··· DATA SUPPLIED

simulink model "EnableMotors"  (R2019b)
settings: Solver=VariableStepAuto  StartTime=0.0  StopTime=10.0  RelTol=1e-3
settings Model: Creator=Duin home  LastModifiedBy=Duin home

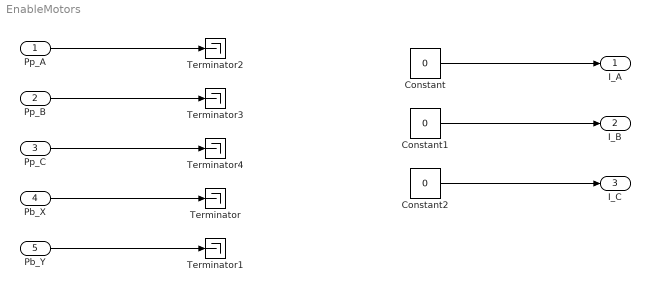
== system EnableMotors ==
  Pp_A : Inport
  Pp_B : Inport  Port=2
  Pp_C : Inport  Port=3
  Pb_X : Inport  Port=4
  Pb_Y : Inport  Port=5
  Constant : Constant  Value=0
  Constant1 : Constant  Value=0
  Constant2 : Constant  Value=0
  Terminator{,1..4} (5 alike) : Terminator
  I_A : Outport
  I_B : Outport  Port=2
  I_C : Outport  Port=3
  wires:
  Pp_C/1 -> Terminator4/1
  Pp_B/1 -> Terminator3/1
  Constant2/1 -> I_C/1
  Constant1/1 -> I_B/1
  Pb_Y/1 -> Terminator1/1
  Pp_A/1 -> Terminator2/1
  Pb_X/1 -> Terminator/1
  Constant/1 -> I_A/1

······

§ TASK BRIEF: Using the records above, please retype only the run of lines from the line holding "Pp_C/1 -> Terminator4/1" through the last line, both ends included.

§ SOLVED PROBLEM:
  Pp_C/1 -> Terminator4/1
  Pp_B/1 -> Terminator3/1
  Constant2/1 -> I_C/1
  Constant1/1 -> I_B/1
  Pb_Y/1 -> Terminator1/1
  Pp_A/1 -> Terminator2/1
  Pb_X/1 -> Terminator/1
  Constant/1 -> I_A/1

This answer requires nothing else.